Yeah I agree a lot with printer and I am still a little confused. i'm not sure why the mogul socket would not call for a ground connection when the ballast has one. I guess they did not come together. I missed that you said the box was plastic. Whether it is or isn't I agree grounding is not helping much and it is better in some situations and worse in others. For example, you are standing in water with wet feet and touch shorted metal on the unit. If water is grounded and unit is not you should get zapped. If water is charged and unit is grounded you should get zapped. So I think it's almost 50/50. Maybe slightly better grounded as you did in cases of a lightning surge. Again I just think so and not trying to be a smart a either. I guess it makes it seem to me like an entirely plastic box is better since yours is only grounded if power is plugged in.

But I reiterate I don't like using a metal chain or the open box. The metal chain is a conductor. But realizing a plastic chain might break and crash the light down which wouldn't be good either. So it's got to be something strong and preferably 2 per in case 1 breaks. I would prefer non-conductive, so think probably nylon is ok. And maybe open boxes are bad in general because something could fly in there, a moth, or something flammable drop in catch fire or cause a short. So like printer says I like punch another hole so that wire goes in the box and back out and you can cover it. It still will look funny but I hope it's a little better


----------



## raggyb (Nov 13, 2019)

What a rat hole I climbed down into investigating insulators. Some more info

Nylon (polyamide) ropes...Dry polyamide is a good electrical insulator, however because it absorbs water, the electrical conduction properties of Nylon can change when it is wet...

Polyester ropes have excellent abrasion resistance and are electrically non conductive..
Disadvantages of Polyester Ropes:Some braids of polyester are quite stiff and don't work very well in blocks.

https://www.ags-industrial.com/plastic-synthetic-ropes-cables

Wood is widely regarded as an extremely good insulator, but its resistivity is sensitively dependent on moisture content, with damp wood being a factor of at least 1010 worse insulator than oven-dry.[38] In any case, a sufficiently high voltage – such as that in lightning strikes or some high-tension power lines – can lead to insulation breakdown and electrocution risk even with apparently dry wood.


----------



## happy hobo (Nov 15, 2019)

The moral of the story is that you should buy pre-assembled and properly sized components.

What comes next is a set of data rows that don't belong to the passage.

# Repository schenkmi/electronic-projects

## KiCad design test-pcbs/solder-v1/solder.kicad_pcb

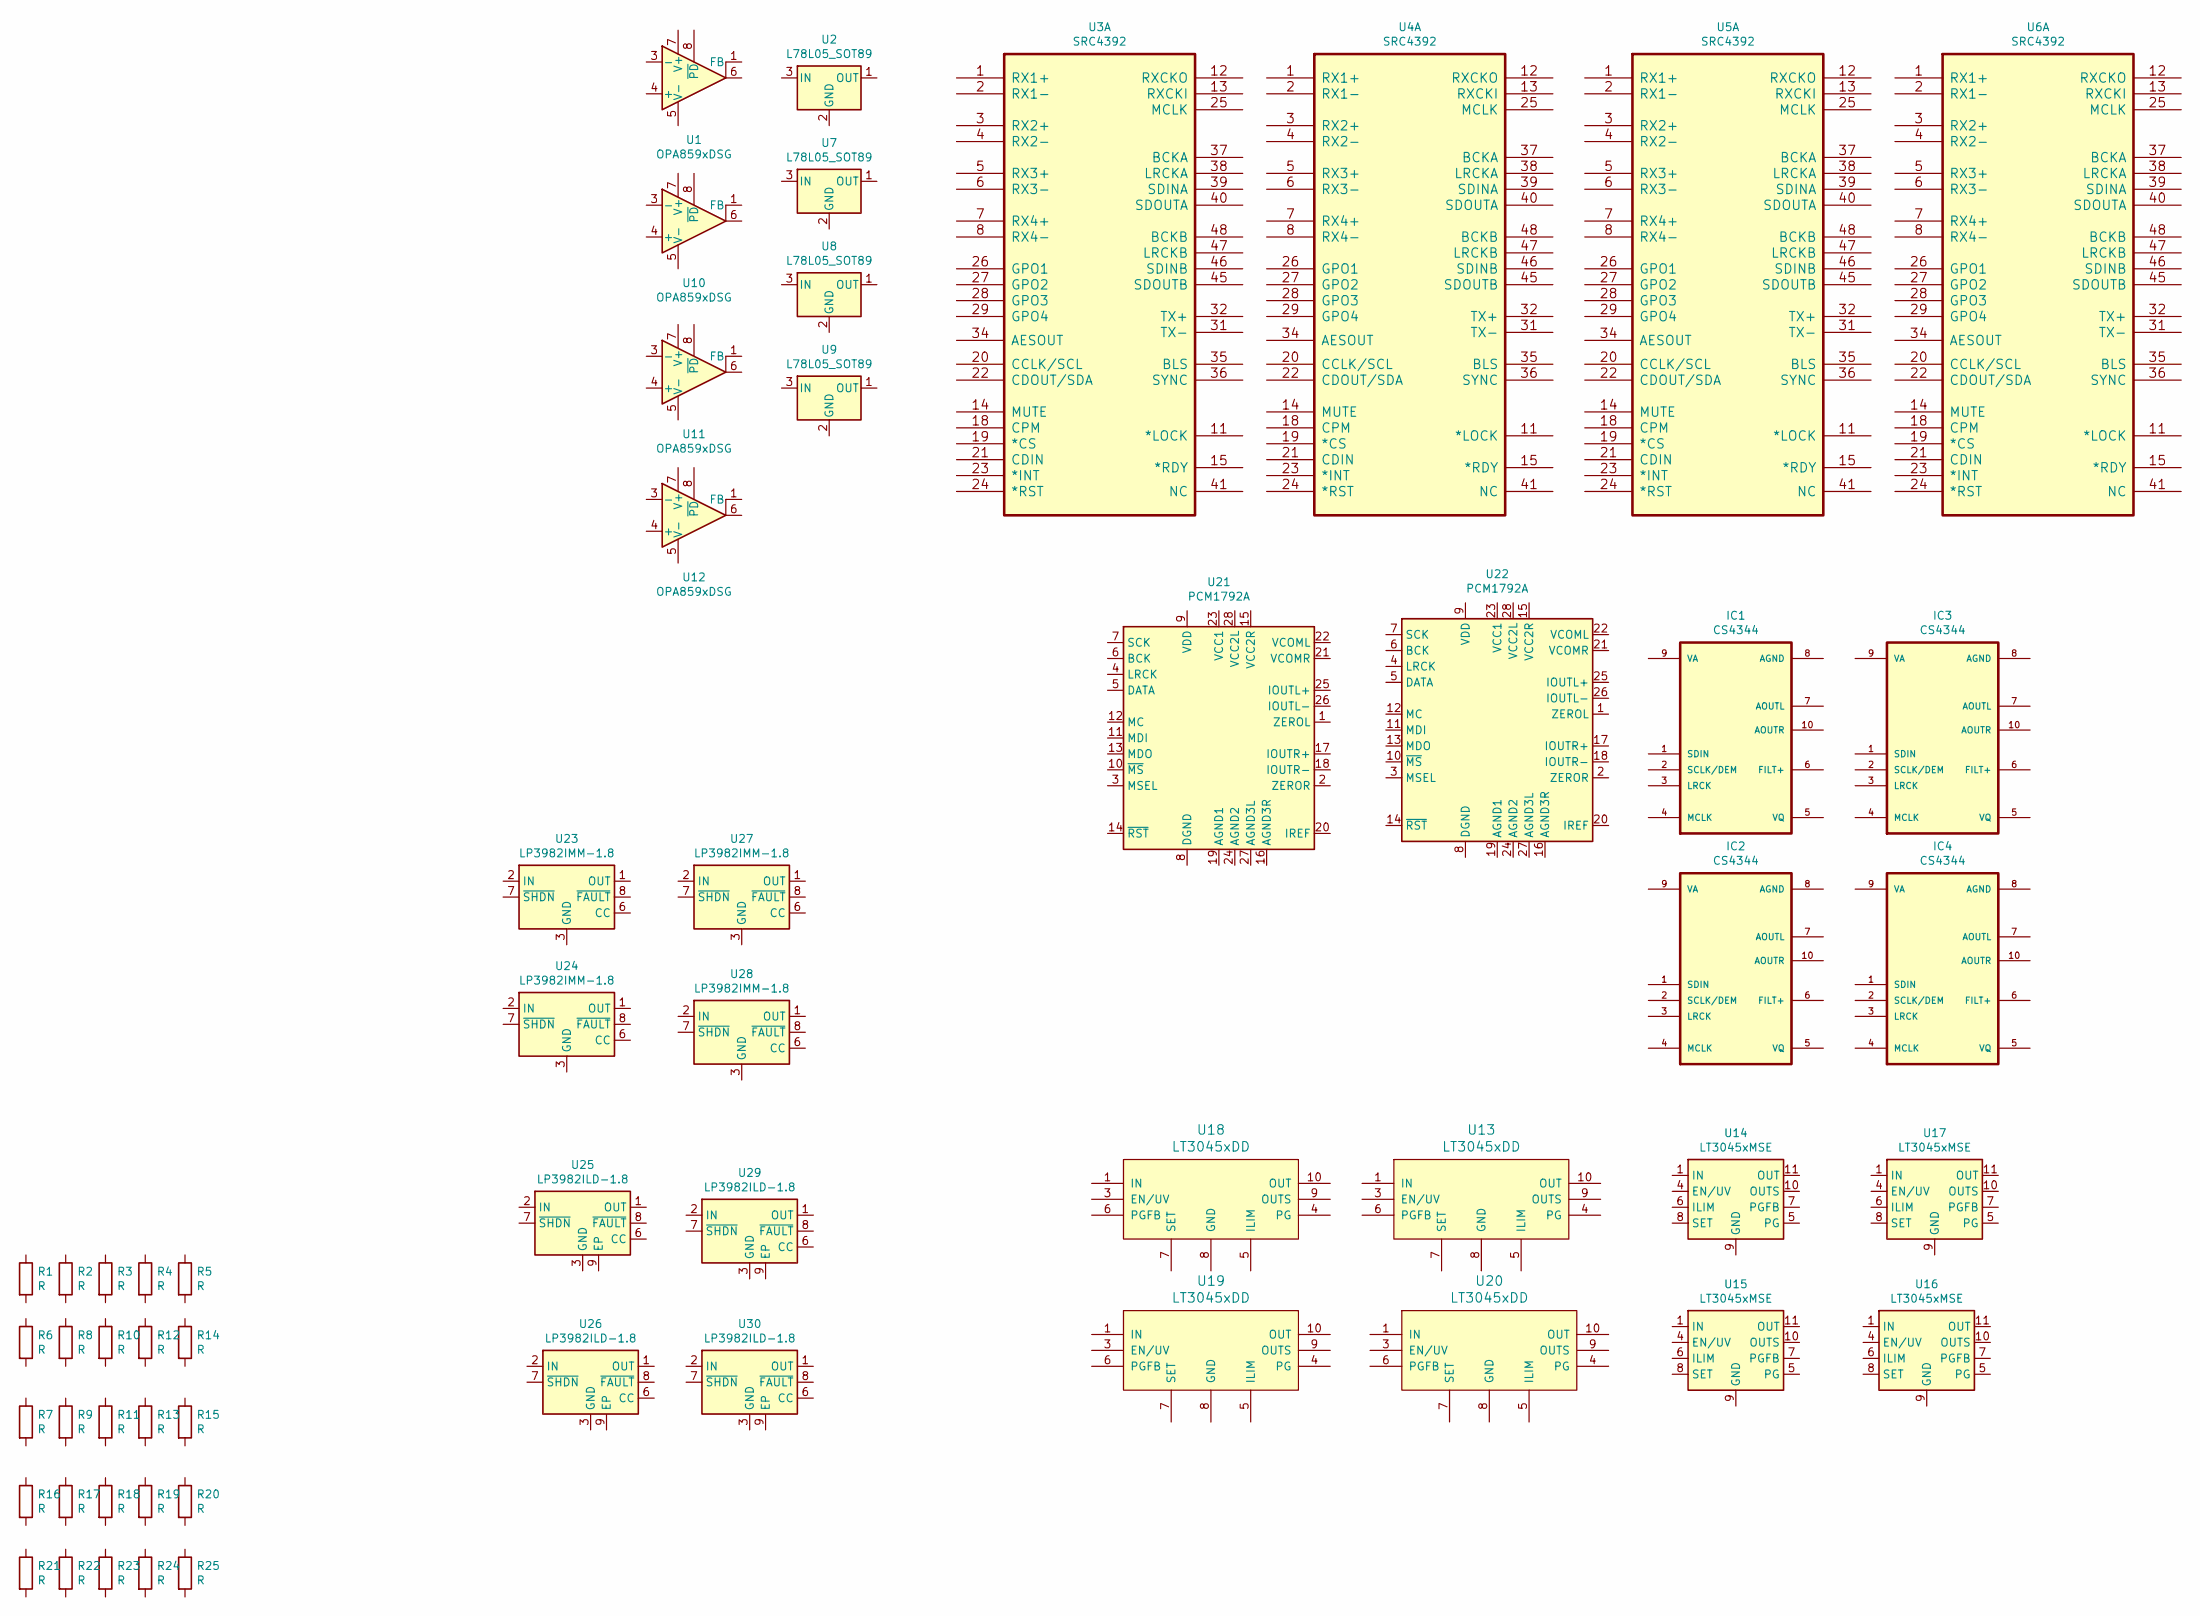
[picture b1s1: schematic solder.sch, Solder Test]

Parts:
IC1, IC2, IC3, IC4: CS4344; TSSOP-10_3x3mm_P0.5mm; MPN CS4344-DZZ
R1, R2, R3, R4, R5: R; R_0805_2012Metric_Pad1.20x1.40mm_HandSolder
R6, R8, R10, R12, R14: R; R_0603_1608Metric_Pad0.98x0.95mm_HandSolder
R7, R9, R11, R13, R15: R; R_0603_1608Metric
R16, R17, R18, R19, R20: R; R_0402_1005Metric_Pad0.72x0.64mm_HandSolder
R21, R22, R23, R24, R25: R; R_0402_1005Metric
U1, U10, U11, U12: OPA859xDSG; WSON-8-1EP_2x2mm_P0.5mm_EP0.9x1.6mm
U2, U7, U8, U9: L78L05_SOT89; SOT-89-3
U3, U4, U5, U6: SRC4392; TQFP-48_7x7mm_P0.5mm
U13, U18, U19, U20: LT3045xDD; DFN-10-1EP_3x3mm_P0.5mm_EP1.55x2.48mm
U14, U15, U16, U17: LT3045xMSE; MSOP-12-1EP_3x4mm_P0.65mm_EP1.65x2.85mm
U21, U22: PCM1792A; SSOP-28_5.3x10.2mm_P0.65mm
U23, U24, U27, U28: LP3982IMM-1.8; VSSOP-8_3.0x3.0mm_P0.65mm
U25, U26, U29, U30: LP3982ILD-1.8; WSON-8-1EP_3x2.5mm_P0.5mm_EP1.2x1.5mm_PullBack_ThermalVias

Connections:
unnamed: U1.5 (V-), U1.9 (V-)
unnamed: U10.5 (V-), U10.9 (V-)
unnamed: U11.5 (V-), U11.9 (V-)
unnamed: U12.5 (V-), U12.9 (V-)
unnamed: U13.1 (IN), U13.2 (IN)
unnamed: U13.8 (GND), U13.11 (GND)
unnamed: U14.1 (IN), U14.2 (IN), U14.3 (IN)
unnamed: U14.11 (OUT), U14.12 (OUT)
unnamed: U14.9 (GND), U14.13 (GND)
unnamed: U15.1 (IN), U15.2 (IN), U15.3 (IN)
unnamed: U15.11 (OUT), U15.12 (OUT)
unnamed: U15.9 (GND), U15.13 (GND)
unnamed: U16.1 (IN), U16.2 (IN), U16.3 (IN)
unnamed: U16.11 (OUT), U16.12 (OUT)
unnamed: U16.9 (GND), U16.13 (GND)
unnamed: U17.1 (IN), U17.2 (IN), U17.3 (IN)
unnamed: U17.11 (OUT), U17.12 (OUT)
unnamed: U17.9 (GND), U17.13 (GND)
unnamed: U18.1 (IN), U18.2 (IN)
unnamed: U18.8 (GND), U18.11 (GND)
unnamed: U19.1 (IN), U19.2 (IN)
unnamed: U19.8 (GND), U19.11 (GND)
unnamed: U20.1 (IN), U20.2 (IN)
unnamed: U20.8 (GND), U20.11 (GND)
unnamed: U23.1 (OUT), U23.4 (OUT)
unnamed: U24.1 (OUT), U24.4 (OUT)
unnamed: U25.1 (OUT), U25.4 (OUT)
unnamed: U26.1 (OUT), U26.4 (OUT)
unnamed: U27.1 (OUT), U27.4 (OUT)
unnamed: U28.1 (OUT), U28.4 (OUT)
unnamed: U29.1 (OUT), U29.4 (OUT)
unnamed: U30.1 (OUT), U30.4 (OUT)

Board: 2 copper layers, 59 parts (0 on the bottom side), 32 nets, no tracks yet.

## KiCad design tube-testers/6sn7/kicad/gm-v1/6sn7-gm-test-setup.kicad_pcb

I bet an electrician would focus on between the breaker panel and receptacle(s). Why would anyone cobble something together that is not ULC, NEC. NFTA, etc. ? 
Penny wise, pound foolish....


----------



## printer (Nov 16, 2019)

happy hobo said:


> The moral of the story is that you should buy pre-assembled and properly sized components. I bet an electrician would focus on between the breaker panel and receptacle(s). Why would anyone cobble something together that is not ULC, NEC. NFTA, etc. ?
> Penny wise, pound foolish....


There actually are people that can figure out what is the right way to do things rather than buy pre-assembled components.


----------



## happy hobo (Nov 16, 2019)

That is also true, but I'm feeding off the example that started the thread. 
Take care.


----------



## lee1000 (Nov 19, 2019)

Well I have had it running now for a few days, 2 of them in fact, both with the same hook-up. The Ceramic Mogul has side connectors so the wires have to go in somehow. Forget about the box. It's just something I can hang the Ceramic Mogul from but I know it can look confusing because of the box. It doesn't necessarily need to be a socket box. Just something I could bolt the Mogul to. I was just scared because of the grounding but I connected it anyway because that is the cable that came with the reflector kit. As for the chain, it's just a chain (bolted through the mogul and screwed down with wingnuts to the inside of the box) and it's nowhere near any wiring, except for the ground of course, and from what I have read in this post, the ground is pretty much useless connected to a plastic box anyway. Anyway, the answer to my post question is....... Yes, it works fine. I will be watering with the Blumat system so all water will stay ground level.

Thanks for looking out for me though guys, I really appreciate it.


----------